What you have to do ::
Each entry that follows should be given again word for word; please leave out its pictures.

Records contained in a dataset:
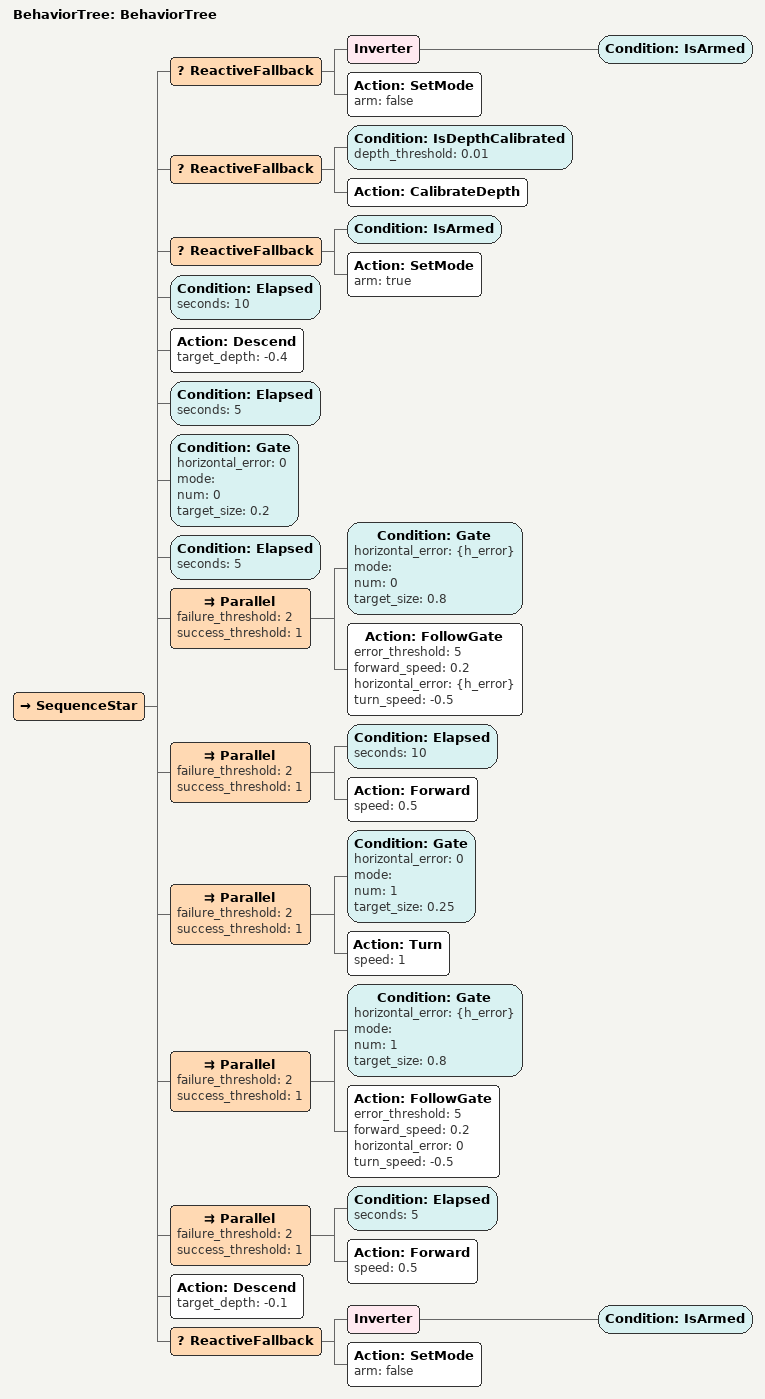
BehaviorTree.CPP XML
<?xml version="1.0"?>
<root main_tree_to_execute="BehaviorTree">
    <BehaviorTree ID="BehaviorTree">
        <SequenceStar>
            <ReactiveFallback>
                <Inverter>
                    <Condition ID="IsArmed"/>
                </Inverter>
                <Action ID="SetMode" arm="false"/>
            </ReactiveFallback>
            <ReactiveFallback>
                <Condition ID="IsDepthCalibrated" depth_threshold="0.01"/>
                <Action ID="CalibrateDepth"/>
            </ReactiveFallback>
            <ReactiveFallback>
                <Condition ID="IsArmed"/>
                <Action ID="SetMode" arm="true"/>
            </ReactiveFallback>
            <Condition ID="Elapsed" seconds="10"/>
            <Action ID="Descend" target_depth="-0.4"/>
            <Condition ID="Elapsed" seconds="5"/>
            <Condition ID="Gate" horizontal_error="0" mode="" num="0" target_size="0.2"/>
            <Condition ID="Elapsed" seconds="5"/>
            <Parallel failure_threshold="2" success_threshold="1">
                <Condition ID="Gate" horizontal_error="{h_error}" mode="" num="0" target_size="0.8"/>
                <Action ID="FollowGate" error_threshold="5" forward_speed="0.2" horizontal_error="{h_error}" turn_speed="-0.5"/>
            </Parallel>
            <Parallel failure_threshold="2" success_threshold="1">
                <Condition ID="Elapsed" seconds="10"/>
                <Action ID="Forward" speed="0.5"/>
            </Parallel>
            <Parallel failure_threshold="2" success_threshold="1">
                <Condition ID="Gate" horizontal_error="0" mode="" num="1" target_size="0.25"/>
                <Action ID="Turn" speed="1"/>
            </Parallel>
            <Parallel failure_threshold="2" success_threshold="1">
                <Condition ID="Gate" horizontal_error="{h_error}" mode="" num="1" target_size="0.8"/>
                <Action ID="FollowGate" error_threshold="5" forward_speed="0.2" horizontal_error="0" turn_speed="-0.5"/>
            </Parallel>
            <Parallel failure_threshold="2" success_threshold="1">
                <Condition ID="Elapsed" seconds="5"/>
                <Action ID="Forward" speed="0.5"/>
            </Parallel>
            <Action ID="Descend" target_depth="-0.1"/>
            <ReactiveFallback>
                <Inverter>
                    <Condition ID="IsArmed"/>
                </Inverter>
                <Action ID="SetMode" arm="false"/>
            </ReactiveFallback>
        </SequenceStar>
    </BehaviorTree>
</root>

Reply ::
BehaviorTree.CPP XML
<?xml version="1.0"?>
<root main_tree_to_execute="BehaviorTree">
    <BehaviorTree ID="BehaviorTree">
        <SequenceStar>
            <ReactiveFallback>
                <Inverter>
                    <Condition ID="IsArmed"/>
                </Inverter>
                <Action ID="SetMode" arm="false"/>
            </ReactiveFallback>
            <ReactiveFallback>
                <Condition ID="IsDepthCalibrated" depth_threshold="0.01"/>
                <Action ID="CalibrateDepth"/>
            </ReactiveFallback>
            <ReactiveFallback>
                <Condition ID="IsArmed"/>
                <Action ID="SetMode" arm="true"/>
            </ReactiveFallback>
            <Condition ID="Elapsed" seconds="10"/>
            <Action ID="Descend" target_depth="-0.4"/>
            <Condition ID="Elapsed" seconds="5"/>
            <Condition ID="Gate" horizontal_error="0" mode="" num="0" target_size="0.2"/>
            <Condition ID="Elapsed" seconds="5"/>
            <Parallel failure_threshold="2" success_threshold="1">
                <Condition ID="Gate" horizontal_error="{h_error}" mode="" num="0" target_size="0.8"/>
                <Action ID="FollowGate" error_threshold="5" forward_speed="0.2" horizontal_error="{h_error}" turn_speed="-0.5"/>
            </Parallel>
            <Parallel failure_threshold="2" success_threshold="1">
                <Condition ID="Elapsed" seconds="10"/>
                <Action ID="Forward" speed="0.5"/>
            </Parallel>
            <Parallel failure_threshold="2" success_threshold="1">
                <Condition ID="Gate" horizontal_error="0" mode="" num="1" target_size="0.25"/>
                <Action ID="Turn" speed="1"/>
            </Parallel>
            <Parallel failure_threshold="2" success_threshold="1">
                <Condition ID="Gate" horizontal_error="{h_error}" mode="" num="1" target_size="0.8"/>
                <Action ID="FollowGate" error_threshold="5" forward_speed="0.2" horizontal_error="0" turn_speed="-0.5"/>
            </Parallel>
            <Parallel failure_threshold="2" success_threshold="1">
                <Condition ID="Elapsed" seconds="5"/>
                <Action ID="Forward" speed="0.5"/>
            </Parallel>
            <Action ID="Descend" target_depth="-0.1"/>
            <ReactiveFallback>
                <Inverter>
                    <Condition ID="IsArmed"/>
                </Inverter>
                <Action ID="SetMode" arm="false"/>
            </ReactiveFallback>
        </SequenceStar>
    </BehaviorTree>
</root>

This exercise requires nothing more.